ECLI:NL:RBAMS:2019:5270

Rechtbank Amsterdam

Datum uitspraak
28 mei 2019
Publicatiedatum
19 juli 2019
Zaaknummer
13/702805-18
Instantie
Rechtbank Amsterdam
Type
Uitspraak
Procedures
  • Op tegenspraak
Rechters
Vindplaatsen
  • Rechtspraak.nl
AI samenvatting door LexboostAutomatisch gegenereerd

Voorbereiding van brandstichting en bezit van een Molotovcocktail met psychiatrische overwegingen

In deze strafzaak, behandeld door de Rechtbank Amsterdam, is de verdachte, geboren in 1957 en zonder vaste woon- of verblijfplaats, beschuldigd van het voorhanden hebben van een Molotovcocktail en de voorbereiding van brandstichting. De zitting vond plaats op 14 mei 2019, waar de officier van justitie, mr. A.M. Ruijs, en de raadsvrouw, mr. B.G. Meijer, hun standpunten naar voren brachten. De tenlastelegging omvatte het bezit van een wapen van categorie II, onder 6 van de Wet wapens en munitie, en het voorbereiden van brandstichting in een woning in Amsterdam op 1 februari 2019. De rechtbank oordeelde dat de verdachte niet kon worden vervolgd vanwege zijn geestelijke toestand, die werd vastgesteld als schizofrenie.

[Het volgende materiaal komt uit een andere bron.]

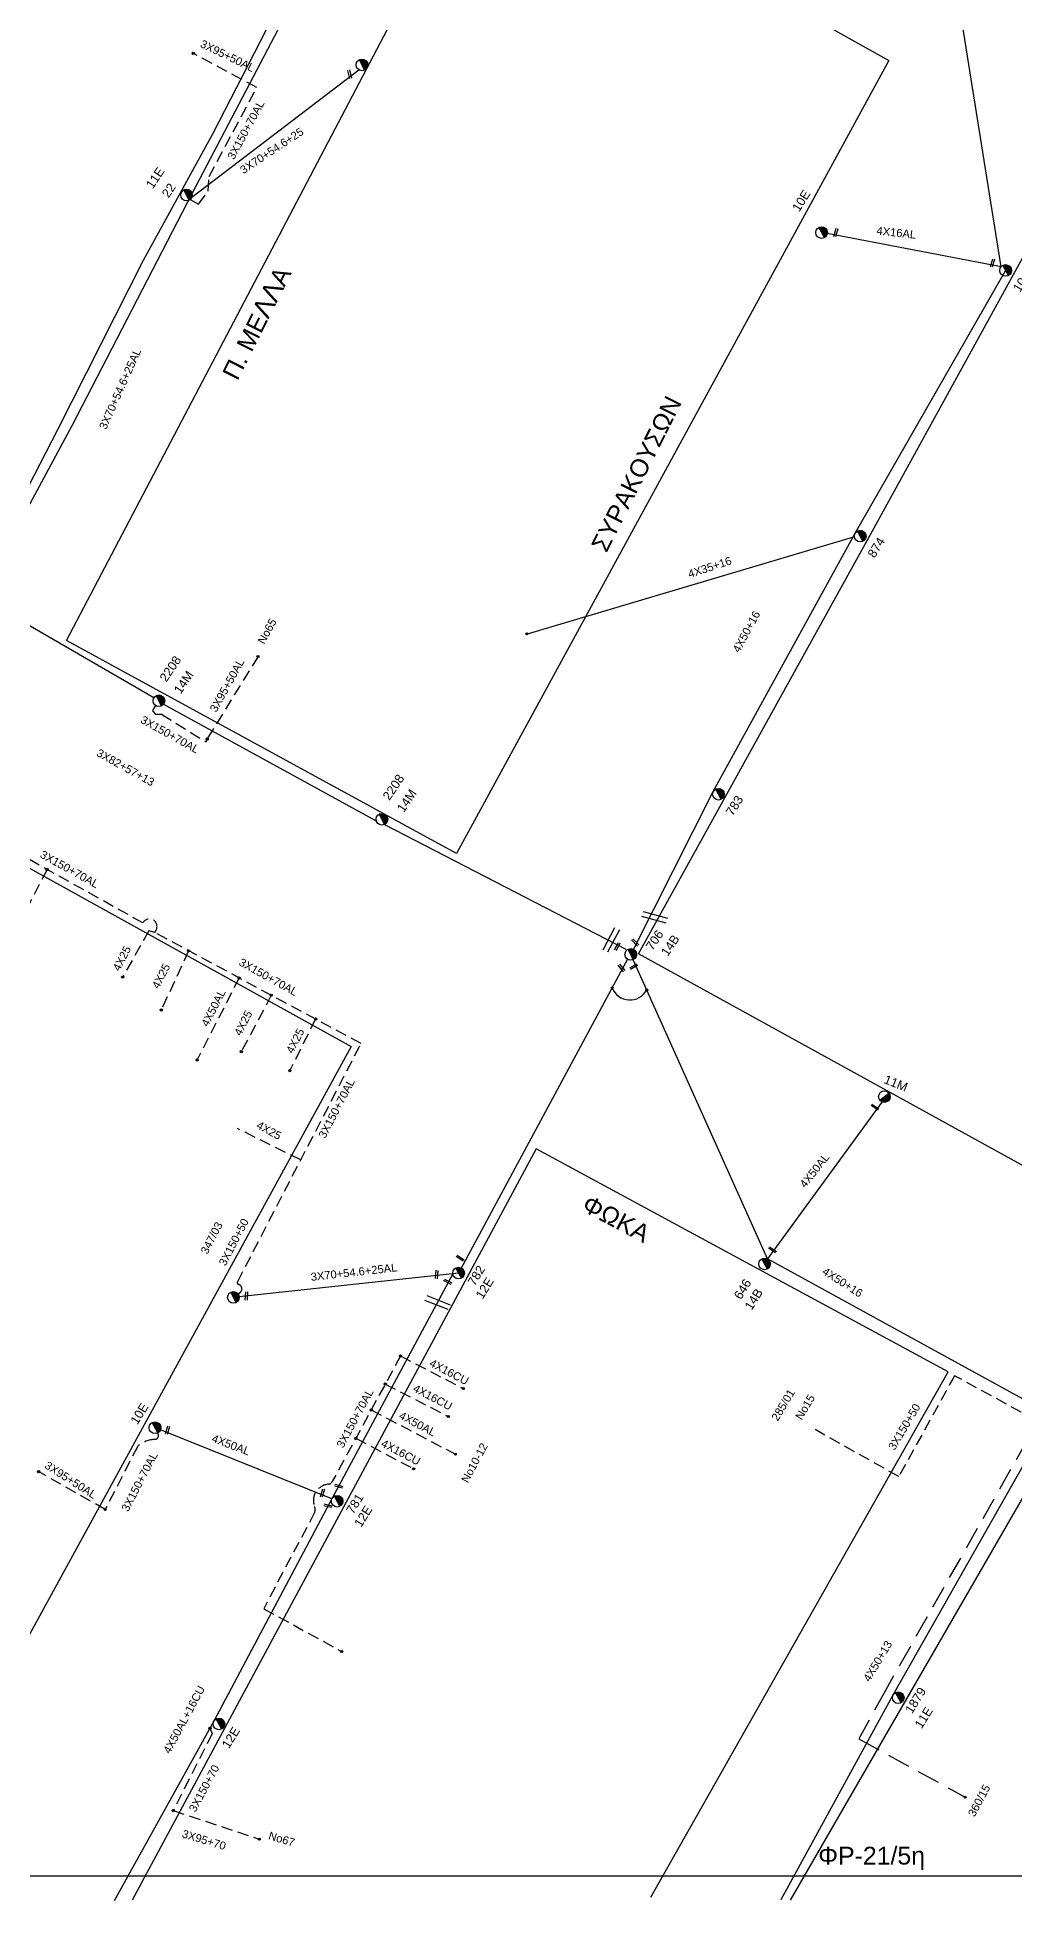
# Model space of a CAD drawing. Header units: millimetres. Extents: x 2101 to 3312, y 775 to 1363.
# Drawn here: x 2285.2 to 2395.2, y 789 to 998.6 of the extents above; entities that cross this region are included whole.
import ezdxf

# ---------------------------------------------------------------- set-up
doc = ezdxf.new("R2010")
doc.units = ezdxf.units.MM
doc.linetypes.add('DASHED', pattern=[19.05, 12.7, -6.35])
for name, color, linetype in [('Άγνωστα', 7, 'Continuous'), ('Γέφυρες Εναέριου Δικτύου', 7, 'Continuous'), ('Γυμνά εναέρια ΧΤ (3Φ)   4x16CU', 7, 'Continuous'), ('Γυμνά εναέρια ΧΤ (3Φ)   4x50AL', 7, 'Continuous'), ('Επιγραφές - Σχήματα', 7, 'Continuous'), ('Καλώδια ΧΤ   3x150+50CU', 7, 'DASHED'), ('Καλώδια ΧΤ   3x150+70 XLPE', 7, 'DASHED'), ('Καλώδια ΧΤ   3x150+70AL', 7, 'DASHED'), ('Καλώδια ΧΤ   3x150AL+50XLPE', 7, 'DASHED'), ('Καλώδια ΧΤ   3x95+50 AL XLPE', 7, 'DASHED'), ('Μηχανική τομή', 7, 'Continuous'), ('Στύλος ΦΜ', 7, 'Continuous'), ('Στύλος ΦΜ @ 1', 7, 'Continuous'), ('Συνδέσεις', 7, 'Continuous'), ('Συνεστραμμένα ΧΤ   3x70+54.6+25 AL', 7, 'SYN_LINE'), ('Τομή', 7, 'Continuous'), ('Υπόβαθρο ΔΕΗ', 7, 'Continuous'), ('Υπόγεια καλώδια Παροχών ΧΤ   4x16AL', 7, 'DASHED'), ('Υπόγεια καλώδια Παροχών ΧΤ   4x25', 7, 'DASHED')]:
    doc.layers.add(name, color=color, linetype=linetype)
doc.styles.add('Annotative', font='arial.ttf')
doc.styles.add('arial', font='arial.ttf')
doc.styles.get("Standard").update_dxf_attribs({"font": 'arial.ttf'})
doc.linetypes.add('SYN_LINE', pattern='A,0.5,-0.0001,["/\\/\\/\\/",Standard,S=0.1,R=0,X=0,Y=-0.05],-0.25', length=0.7501)

# ---------------------------------------------------------------- blocks, each defined once
blk = doc.blocks.new('ΥΠΑΡΧΩΝ ΤΣΙΜΕΝΤΕΝΙΟΣ ΣΤΥΛΟΣ')
at = {"layer": 'Στύλος ΦΜ'}
blk.add_hatch(color=7, dxfattribs=at).paths.add_polyline_path([(-1.29, -2.28, 0.574793), (2.62, 0, 0.268822), (1.3, 2.27)])
at = {"layer": 'Στύλος ΦΜ', "color": 7}
blk.add_line((-1.29, -2.28), (1.3, 2.27), dxfattribs=at)
blk.add_circle((0, 0), 2.62, dxfattribs=at)
at = {"layer": 'Στύλος ΦΜ', "flags": 4}
for tag, p in [('ΑΡΙΘΜΟΣ', (-4.68, 8.05)), ('ΤΥΠΟΣ', (-4.91, 3.03))]:
    blk.add_attdef(tag, p, '', height=4, dxfattribs=at)
blk = doc.blocks.new('ΤΟΜΗ')
at = {"layer": 'Τομή', "ltscale": 40}
for p, q in [((-5.68, 0), (5.68, 0)), ((5.68, -2.33), (-5.68, -2.33))]:
    blk.add_line(p, q, dxfattribs=at)
blk = doc.blocks.new('ΜΗΧΑΝΙΚΗ ΤΟΜΗ')
at = {"layer": 'Μηχανική τομή', "ltscale": 40}
for p, q in [((-1.89, 0.78), (1.89, 0.78)), ((1.89, 0), (-1.89, 0))]:
    blk.add_line(p, q, dxfattribs=at)
blk = doc.blocks.new('_ΣΥΝΔΕΣΗ')
at = {"layer": 'Συνδέσεις', "linetype": 'SYN_LINE', "ltscale": 40}
blk.add_hatch(color=256, dxfattribs=at).paths.add_polyline_path([(0.5, -0.01, 1), (-0.5, -0.01, 1)])
at = {"layer": 'Συνδέσεις'}
blk.add_circle((0, -0.01), 0.5, dxfattribs=at)

msp = doc.modelspace()

# ---------------------------------------------------------------- linework, layer by layer
at = {"layer": 'Άγνωστα', "color": 27}
for points in [[(2393.64, 972.78), (2388.22, 1006.6)], [(2352.3, 896.02), (2361.25, 913.76), (2377.21, 942.81), (2394.47, 972.94)]]:
    msp.add_lwpolyline(points, dxfattribs=at)
at = {"layer": 'Άγνωστα', "color": 6, "linetype": 'SYN_LINE', "ltscale": 10}
msp.add_lwpolyline([(2302.62, 980.6), (2321.39, 994.94)], dxfattribs=at)
at = {"layer": 'Άγνωστα', "color": 27, "linetype": 'SYN_LINE', "ltscale": 10}
msp.add_lwpolyline([(2377.13, 942.43), (2340.34, 931.45)], dxfattribs=at)
at = {"layer": 'Άγνωστα', "color": 5}
msp.add_lwpolyline([(2399.6, 843.52), (2367.35, 861.22), (2352.15, 895.09)], dxfattribs=at)
at = {"layer": 'Άγνωστα', "color": 1}
msp.add_lwpolyline([(2331.96, 859.54), (2318.39, 834.3), (2305.08, 809.21), (2293.88, 789.03)], dxfattribs=at)
at = {"layer": 'Άγνωστα', "color": 85}
msp.add_lwpolyline([(2368.88, 789.15), (2381.48, 812.18), (2399.06, 843.19)], dxfattribs=at)
at = {"layer": 'Άγνωστα', "color": 1, "linetype": 'DASHED', "ltscale": 0.1}
for points in [[(2310.69, 821.87), (2319.47, 817.06)], [(2300.52, 799.17), (2310.19, 795.95)]]:
    msp.add_lwpolyline(points, dxfattribs=at)
at = {"layer": 'Γέφυρες Εναέριου Δικτύου'}
msp.add_arc((2351.88, 892.49), 2.16, 201.6665, 331.5324, dxfattribs=at)
at = {"layer": 'Γυμνά εναέρια ΧΤ (3Φ)   4x16CU', "color": 1, "linetype": 'DASHED', "ltscale": 0.1}
for points in [[(2326.08, 850.3), (2333.14, 846.64)], [(2324.36, 847.14), (2331.45, 843.49)], [(2321.06, 841.04), (2327.55, 837.6)]]:
    msp.add_lwpolyline(points, dxfattribs=at)
at = {"layer": 'Γυμνά εναέρια ΧΤ (3Φ)   4x50AL', "color": 5, "linetype": 'DASHED', "ltscale": 0.1}
msp.add_lwpolyline([(2307.93, 892.81), (2303.21, 883.59)], dxfattribs=at)
at = {"layer": 'Γυμνά εναέρια ΧΤ (3Φ)   4x50AL', "color": 5, "ltscale": 40}
msp.add_lwpolyline([(2367.38, 861.2), (2380.25, 878.85)], dxfattribs=at)
at = {"layer": 'Γυμνά εναέρια ΧΤ (3Φ)   4x50AL', "color": 1, "linetype": 'DASHED', "ltscale": 0.1}
msp.add_lwpolyline([(2322.79, 844.23), (2332.26, 839.25)], dxfattribs=at)
at = {"layer": 'Γυμνά εναέρια ΧΤ (3Φ)   4x50AL', "color": 1, "ltscale": 40}
msp.add_lwpolyline([(2318.35, 834.22), (2299.08, 841.98)], dxfattribs=at)
at = {"layer": 'Επιγραφές - Σχήματα'}
msp.add_lwpolyline([(2111.59, 791.84), (3200.39, 791.84), (3200.39, 1344.14), (2111.59, 1344.14)], close=True, dxfattribs=at)
at = {"layer": 'Καλώδια ΧΤ   3x150+50CU', "color": 5, "linetype": 'DASHED', "ltscale": 0.1}
for points in [[(2399.07, 843.21), (2398.67, 843.55), (2397.56, 843.05), (2388.4, 848.07), (2382.12, 836.73)], [(2382.12, 836.73), (2372.35, 842.21)]]:
    msp.add_lwpolyline(points, dxfattribs=at)
at = {"layer": 'Καλώδια ΧΤ   3x150+70 XLPE', "color": 1, "ltscale": 0.1}
msp.add_lwpolyline([(2304.65, 808.43), (2304.89, 807.82), (2300.52, 799.17)], dxfattribs=at)
at = {"layer": 'Καλώδια ΧΤ   3x150+70AL', "color": 6, "ltscale": 0.1}
msp.add_lwpolyline([(2302.41, 980.33), (2303.35, 979.84), (2304.46, 981.29), (2304.55, 982.94), (2309.92, 992.93)], dxfattribs=at)
at = {"layer": 'Καλώδια ΧΤ   3x150+70AL', "color": 133, "linetype": 'Continuous', "ltscale": 0.1}
for points in [[(2279.21, 935.39), (2288.44, 930.06), (2298.35, 924.34)], [(2299.44, 923.61), (2323.35, 910.49)], [(2324.28, 910.07), (2351.43, 896.04)]]:
    msp.add_lwpolyline(points, dxfattribs=at)
at = {"layer": 'Καλώδια ΧΤ   3x150+70AL', "color": 5, "ltscale": 0.1}
for points in [[(2298.44, 897.9), (2298.59, 898.18, 0.997124), (2297.1, 899), (2279.89, 908.6)], [(2307.82, 857.27), (2308.03, 857.43, 0.631009), (2307.86, 858.34, -0.579487), (2307.77, 858.67), (2321.65, 885.44), (2298.44, 897.9)]]:
    msp.add_lwpolyline(points, format="xyb", dxfattribs=at)
at = {"layer": 'Καλώδια ΧΤ   3x150+70AL', "color": 1, "ltscale": 0.1}
for points in [[(2326.08, 850.3), (2318.41, 836.17, -0.251164), (2317.97, 835.87, 0.503314), (2316.42, 833.35, -0.194375), (2316.42, 832.7), (2310.69, 821.87)], [(2298.78, 841.65), (2298.84, 841.36, -0.460061), (2298.5, 840.92, 0.170878), (2296.52, 840.14), (2292.86, 833.03)]]:
    msp.add_lwpolyline(points, format="xyb", dxfattribs=at)
at = {"layer": 'Καλώδια ΧΤ   3x150AL+50XLPE', "linetype": 'DASHED', "ltscale": 0.2}
msp.add_lwpolyline([(2544.33, 873.58), (2551.96, 870.09), (2542.02, 851.65), (2519.15, 839.03), (2518.83, 839.24), (2497.49, 826.83), (2498.79, 823.77), (2484.11, 816.3), (2458.89, 829.93), (2459.37, 832.71), (2453.23, 836.24), (2453.23, 838.26), (2432.12, 849.35, -0.518332), (2428.04, 852.55), (2412.21, 860.67), (2402.19, 843.56, -0.370302), (2396.57, 840.83), (2380.62, 812.68), (2377.63, 807.22), (2389.59, 800.68)], format="xyb", dxfattribs=at)
at = {"layer": 'Καλώδια ΧΤ   3x95+50 AL XLPE', "color": 6, "ltscale": 0.1}
msp.add_lwpolyline([(2309.92, 992.93), (2302.74, 996.79)], dxfattribs=at)
at = {"layer": 'Καλώδια ΧΤ   3x95+50 AL XLPE', "color": 133, "ltscale": 0.1}
for points in [[(2304.4, 919.78), (2310.04, 928.83)], [(2298.53, 923.43), (2298.18, 922.87), (2298.49, 922.45), (2299.19, 922.45), (2304.21, 919.36), (2304.3, 919.55)]]:
    msp.add_lwpolyline(points, dxfattribs=at)
at = {"layer": 'Καλώδια ΧΤ   3x95+50 AL XLPE', "color": 1, "ltscale": 0.1}
msp.add_lwpolyline([(2292.86, 833.03), (2285.38, 837.29)], dxfattribs=at)
at = {"layer": 'Συνεστραμμένα ΧΤ   3x70+54.6+25 AL', "color": 6, "ltscale": 10}
msp.add_lwpolyline([(2331.91, 1037.87), (2317.58, 1009.56), (2302.63, 981.06), (2289.1, 954.91), (2281.49, 940.75), (2279.24, 935.94)], dxfattribs=at)
at = {"layer": 'Συνεστραμμένα ΧΤ   3x70+54.6+25 AL', "color": 5, "ltscale": 10}
msp.add_lwpolyline([(2351.61, 894.91), (2332.61, 859.61), (2307.94, 856.95)], dxfattribs=at)
at = {"layer": 'Υπόβαθρο ΔΕΗ'}
for points in [[(2232.16, 962.17), (2259.05, 947.14), (2273.29, 939.1), (2278.33, 936.65), (2287.55, 954.5), (2297.19, 973.53), (2305.01, 987.79), (2313, 1003.35), (2321.94, 1020.46), (2325.3, 1027.32), (2280.44, 1052.55), (2244.33, 984.88), (2232.16, 962.17)], [(2335.99, 1021.17), (2381.01, 995.97), (2332.37, 906.81), (2288.52, 930.77), (2335.99, 1021.17)], [(2402.03, 984.66), (2448.91, 959.82), (2400.26, 869.39), (2352.85, 895.51), (2378.76, 942.34), (2402.03, 984.66)], [(2275.64, 909.95), (2320.52, 885.08), (2272.16, 796.77), (2245.88, 811.32), (2230.75, 820.26), (2228.08, 821.83), (2264.15, 888.75), (2275.64, 909.95)], [(2354.24, 789.42), (2387.69, 848.51), (2341.35, 873.57), (2295.89, 789.08)], [(2441.32, 819.39), (2400.19, 841.52), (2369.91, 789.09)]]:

De rechtbank concludeerde dat de verdachte niet toerekeningsvatbaar was voor zijn daden en besloot hem te ontslaan van alle rechtsvervolging, maar hem voor een jaar in een psychiatrisch ziekenhuis te plaatsen. De rechtbank baseerde haar beslissing op de Pro Justitia rapportages van psychologen die de verdachte hadden onderzocht. De rechtbank oordeelde dat de verdachte, gezien zijn psychische toestand, een gevaar voor zichzelf en anderen vormde en dat behandeling noodzakelijk was om recidive te voorkomen.

Uitspraak

RECHTBANK AMSTERDAM

VONNIS
Parketnummer: 13/702805-18
Datum uitspraak: 28 mei 2019
Vonnis van de rechtbank Amsterdam, meervoudige strafkamer, in de strafzaak tegen
[verdachte],
geboren te [geboorteplaats] op [geboortedag] 1957,
zonder vaste woon- of verblijfplaats, thans gedetineerd in het [detentieplaats] .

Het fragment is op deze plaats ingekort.